# True Bloodline Discussion



## OldFortKennels (Mar 10, 2006)

to be continued here. The former one was deleted as it got headed in the wrong direction. It could have, possibly should have been stopped earlier but I just couldnt let it go, I hate when others want to belittle members with inaccurate information. That being said, Im sorry it went down the way it did so lets continue the post!


----------



## American_Pit13 (Apr 23, 2007)

Some of those posts where really good, couldn't you have deleted the bad posts? There was a lot of info in this thread. I see your reasoning tho.


----------



## NesOne (Feb 7, 2008)

Ah man, it was fun reading that post... lol. Oh well, I'm sure it will get interesting again. Let's see, what was that last question I had asked? 

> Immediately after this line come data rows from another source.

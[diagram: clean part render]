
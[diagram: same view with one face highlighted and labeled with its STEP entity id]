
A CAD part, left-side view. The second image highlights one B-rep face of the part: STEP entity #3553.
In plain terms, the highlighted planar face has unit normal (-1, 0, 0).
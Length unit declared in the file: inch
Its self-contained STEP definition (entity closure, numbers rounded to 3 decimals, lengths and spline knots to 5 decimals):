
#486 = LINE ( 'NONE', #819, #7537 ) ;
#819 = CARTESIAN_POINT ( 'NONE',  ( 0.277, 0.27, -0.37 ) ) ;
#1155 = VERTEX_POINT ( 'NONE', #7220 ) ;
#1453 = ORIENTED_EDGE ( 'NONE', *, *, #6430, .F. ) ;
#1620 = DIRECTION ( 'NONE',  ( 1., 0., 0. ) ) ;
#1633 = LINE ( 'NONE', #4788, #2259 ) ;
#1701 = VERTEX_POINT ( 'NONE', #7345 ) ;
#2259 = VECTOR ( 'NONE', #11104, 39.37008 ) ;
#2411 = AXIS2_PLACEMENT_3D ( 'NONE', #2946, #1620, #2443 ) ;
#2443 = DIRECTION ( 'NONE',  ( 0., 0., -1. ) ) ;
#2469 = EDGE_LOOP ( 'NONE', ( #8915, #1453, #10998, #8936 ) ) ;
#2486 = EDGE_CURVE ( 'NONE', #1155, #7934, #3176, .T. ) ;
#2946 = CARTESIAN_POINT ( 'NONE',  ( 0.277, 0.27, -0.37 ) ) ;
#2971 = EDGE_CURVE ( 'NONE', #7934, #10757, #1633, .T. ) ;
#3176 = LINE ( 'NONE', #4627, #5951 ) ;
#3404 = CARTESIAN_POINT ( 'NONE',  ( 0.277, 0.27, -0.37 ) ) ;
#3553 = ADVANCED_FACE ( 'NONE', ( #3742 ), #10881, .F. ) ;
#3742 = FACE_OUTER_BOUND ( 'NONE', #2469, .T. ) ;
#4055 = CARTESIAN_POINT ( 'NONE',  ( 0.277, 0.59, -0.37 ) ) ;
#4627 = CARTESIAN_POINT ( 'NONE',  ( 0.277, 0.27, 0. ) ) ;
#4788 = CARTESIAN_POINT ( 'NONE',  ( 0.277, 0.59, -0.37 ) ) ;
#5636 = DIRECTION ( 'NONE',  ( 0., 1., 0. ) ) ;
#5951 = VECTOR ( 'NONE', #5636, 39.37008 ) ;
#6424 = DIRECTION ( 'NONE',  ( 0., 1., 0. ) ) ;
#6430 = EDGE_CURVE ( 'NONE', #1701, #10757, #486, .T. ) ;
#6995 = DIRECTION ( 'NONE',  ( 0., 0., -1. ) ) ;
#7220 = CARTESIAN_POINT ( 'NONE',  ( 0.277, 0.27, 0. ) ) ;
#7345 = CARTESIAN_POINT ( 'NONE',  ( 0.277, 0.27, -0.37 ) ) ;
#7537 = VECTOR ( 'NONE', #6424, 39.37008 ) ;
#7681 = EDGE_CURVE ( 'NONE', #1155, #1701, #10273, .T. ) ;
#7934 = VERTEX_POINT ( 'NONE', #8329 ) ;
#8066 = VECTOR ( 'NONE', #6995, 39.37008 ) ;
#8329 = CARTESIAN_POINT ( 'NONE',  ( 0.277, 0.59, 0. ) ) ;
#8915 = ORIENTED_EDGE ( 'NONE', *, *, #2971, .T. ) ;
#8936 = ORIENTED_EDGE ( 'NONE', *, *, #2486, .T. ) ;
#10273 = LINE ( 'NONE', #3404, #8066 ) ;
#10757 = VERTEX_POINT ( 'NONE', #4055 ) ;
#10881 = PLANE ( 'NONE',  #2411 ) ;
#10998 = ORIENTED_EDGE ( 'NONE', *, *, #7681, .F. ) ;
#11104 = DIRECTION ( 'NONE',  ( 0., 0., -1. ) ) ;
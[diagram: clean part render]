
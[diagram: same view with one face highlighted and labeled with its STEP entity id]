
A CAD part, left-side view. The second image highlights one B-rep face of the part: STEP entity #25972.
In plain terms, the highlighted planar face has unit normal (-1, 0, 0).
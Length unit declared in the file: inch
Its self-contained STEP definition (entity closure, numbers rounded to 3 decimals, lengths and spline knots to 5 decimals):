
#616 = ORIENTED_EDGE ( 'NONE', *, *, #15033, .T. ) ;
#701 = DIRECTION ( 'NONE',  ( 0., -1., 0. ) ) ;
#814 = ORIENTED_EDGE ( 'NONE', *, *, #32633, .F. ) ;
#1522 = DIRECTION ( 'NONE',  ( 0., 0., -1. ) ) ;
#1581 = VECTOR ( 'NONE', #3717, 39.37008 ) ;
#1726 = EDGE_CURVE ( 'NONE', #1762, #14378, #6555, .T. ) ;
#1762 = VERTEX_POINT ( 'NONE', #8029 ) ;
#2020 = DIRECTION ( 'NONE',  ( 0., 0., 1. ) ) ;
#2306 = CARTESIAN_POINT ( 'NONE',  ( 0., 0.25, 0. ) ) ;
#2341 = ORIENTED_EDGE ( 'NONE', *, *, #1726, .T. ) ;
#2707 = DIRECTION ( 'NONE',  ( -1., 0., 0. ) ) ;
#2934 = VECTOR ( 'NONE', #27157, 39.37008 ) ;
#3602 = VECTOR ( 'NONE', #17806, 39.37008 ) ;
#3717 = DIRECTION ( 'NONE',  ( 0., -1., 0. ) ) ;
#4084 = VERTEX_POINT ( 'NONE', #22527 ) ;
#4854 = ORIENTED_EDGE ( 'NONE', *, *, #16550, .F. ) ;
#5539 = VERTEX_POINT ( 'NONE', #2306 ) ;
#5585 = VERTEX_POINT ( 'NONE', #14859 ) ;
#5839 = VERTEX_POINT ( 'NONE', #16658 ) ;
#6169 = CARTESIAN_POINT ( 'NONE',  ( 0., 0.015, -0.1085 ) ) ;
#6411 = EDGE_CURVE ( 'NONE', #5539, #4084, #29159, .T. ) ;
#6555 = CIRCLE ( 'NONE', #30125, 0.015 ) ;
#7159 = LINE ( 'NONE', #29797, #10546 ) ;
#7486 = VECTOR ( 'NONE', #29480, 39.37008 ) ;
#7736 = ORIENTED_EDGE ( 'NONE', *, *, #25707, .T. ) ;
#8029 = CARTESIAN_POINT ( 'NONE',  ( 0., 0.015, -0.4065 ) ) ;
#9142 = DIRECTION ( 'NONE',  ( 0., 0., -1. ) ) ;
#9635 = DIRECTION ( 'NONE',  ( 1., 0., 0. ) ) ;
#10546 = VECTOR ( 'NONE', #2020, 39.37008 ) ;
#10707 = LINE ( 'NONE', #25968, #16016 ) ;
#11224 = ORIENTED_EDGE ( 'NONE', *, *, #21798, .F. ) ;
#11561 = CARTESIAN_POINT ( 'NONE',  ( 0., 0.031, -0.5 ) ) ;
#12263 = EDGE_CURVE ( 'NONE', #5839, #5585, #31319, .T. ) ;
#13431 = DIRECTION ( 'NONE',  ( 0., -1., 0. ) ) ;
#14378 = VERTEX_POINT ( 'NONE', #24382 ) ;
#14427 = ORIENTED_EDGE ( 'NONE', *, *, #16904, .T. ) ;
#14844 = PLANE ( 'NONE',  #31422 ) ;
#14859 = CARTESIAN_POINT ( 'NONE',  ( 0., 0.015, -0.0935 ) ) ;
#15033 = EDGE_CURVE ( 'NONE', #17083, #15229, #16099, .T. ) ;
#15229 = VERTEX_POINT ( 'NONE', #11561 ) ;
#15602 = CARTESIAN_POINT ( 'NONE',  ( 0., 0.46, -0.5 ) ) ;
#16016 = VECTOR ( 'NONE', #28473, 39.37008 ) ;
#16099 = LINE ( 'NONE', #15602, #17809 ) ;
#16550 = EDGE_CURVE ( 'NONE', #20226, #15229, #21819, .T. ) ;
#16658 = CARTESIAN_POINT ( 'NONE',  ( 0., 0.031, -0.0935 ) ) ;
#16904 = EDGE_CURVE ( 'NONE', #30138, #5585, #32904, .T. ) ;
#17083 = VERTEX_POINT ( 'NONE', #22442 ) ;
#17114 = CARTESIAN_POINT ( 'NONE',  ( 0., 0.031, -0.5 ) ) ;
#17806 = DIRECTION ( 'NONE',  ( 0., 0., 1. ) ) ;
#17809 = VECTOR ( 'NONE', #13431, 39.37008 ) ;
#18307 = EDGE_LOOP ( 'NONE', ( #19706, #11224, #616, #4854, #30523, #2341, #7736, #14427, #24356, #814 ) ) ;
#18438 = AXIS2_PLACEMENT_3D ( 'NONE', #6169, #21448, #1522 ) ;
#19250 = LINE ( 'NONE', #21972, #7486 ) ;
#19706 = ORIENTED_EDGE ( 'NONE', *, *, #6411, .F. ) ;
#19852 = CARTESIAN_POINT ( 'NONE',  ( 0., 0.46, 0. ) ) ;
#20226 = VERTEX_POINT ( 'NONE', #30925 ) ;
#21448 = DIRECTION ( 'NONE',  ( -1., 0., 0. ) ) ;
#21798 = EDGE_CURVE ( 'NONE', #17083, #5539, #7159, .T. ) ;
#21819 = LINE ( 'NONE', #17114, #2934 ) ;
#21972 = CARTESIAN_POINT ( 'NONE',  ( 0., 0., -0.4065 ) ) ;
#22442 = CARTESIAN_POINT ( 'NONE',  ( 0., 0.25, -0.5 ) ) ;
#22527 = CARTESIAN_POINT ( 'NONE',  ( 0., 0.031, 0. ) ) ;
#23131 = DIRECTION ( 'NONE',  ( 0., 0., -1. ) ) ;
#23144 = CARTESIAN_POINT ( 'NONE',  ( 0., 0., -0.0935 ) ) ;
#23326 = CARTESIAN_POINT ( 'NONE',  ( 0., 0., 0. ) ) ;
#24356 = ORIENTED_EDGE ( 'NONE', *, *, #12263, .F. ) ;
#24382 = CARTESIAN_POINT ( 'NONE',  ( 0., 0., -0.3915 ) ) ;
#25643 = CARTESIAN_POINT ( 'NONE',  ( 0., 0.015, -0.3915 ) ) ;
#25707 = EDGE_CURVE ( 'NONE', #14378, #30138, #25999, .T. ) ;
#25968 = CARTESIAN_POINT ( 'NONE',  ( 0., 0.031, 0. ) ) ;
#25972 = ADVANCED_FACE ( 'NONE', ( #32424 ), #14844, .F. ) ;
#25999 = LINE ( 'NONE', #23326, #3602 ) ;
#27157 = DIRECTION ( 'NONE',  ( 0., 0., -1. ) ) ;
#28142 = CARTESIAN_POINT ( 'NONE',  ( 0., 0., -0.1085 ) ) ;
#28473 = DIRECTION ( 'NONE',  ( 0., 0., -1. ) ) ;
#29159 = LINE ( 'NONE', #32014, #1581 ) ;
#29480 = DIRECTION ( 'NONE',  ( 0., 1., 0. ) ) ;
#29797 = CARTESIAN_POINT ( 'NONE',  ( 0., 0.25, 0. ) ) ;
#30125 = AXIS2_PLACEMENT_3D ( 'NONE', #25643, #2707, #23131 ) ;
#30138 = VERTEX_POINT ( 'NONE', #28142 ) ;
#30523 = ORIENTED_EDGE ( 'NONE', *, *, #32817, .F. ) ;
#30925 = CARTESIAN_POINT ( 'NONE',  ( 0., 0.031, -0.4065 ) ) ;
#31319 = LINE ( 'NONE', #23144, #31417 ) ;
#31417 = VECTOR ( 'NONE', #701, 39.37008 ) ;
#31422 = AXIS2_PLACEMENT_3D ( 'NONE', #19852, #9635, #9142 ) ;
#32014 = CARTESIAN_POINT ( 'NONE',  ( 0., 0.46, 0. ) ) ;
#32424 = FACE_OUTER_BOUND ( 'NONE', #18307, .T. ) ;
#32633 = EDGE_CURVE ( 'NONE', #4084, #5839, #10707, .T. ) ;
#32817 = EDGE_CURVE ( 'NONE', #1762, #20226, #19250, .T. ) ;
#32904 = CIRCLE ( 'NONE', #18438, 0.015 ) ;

That's right, why is Juan Gotti's pedigree missing information? Anyone know?


----------



## silent water kennel (Apr 30, 2008)

Did I miss anything? Cause there are a lot of posts missing...


----------



## intensive (Apr 22, 2008)

lol damn i started some shit, i guess ill just hope next time the thread i start wont explode into that.

whats everyones problem with juan gottis bloodline? i havent heard of him missing anything, can someone explain?


----------



## Patch-O-Pits (Jan 12, 2008)

I agree some of the stuff posted was in need of...a :flush:


----------



## NesOne (Feb 7, 2008)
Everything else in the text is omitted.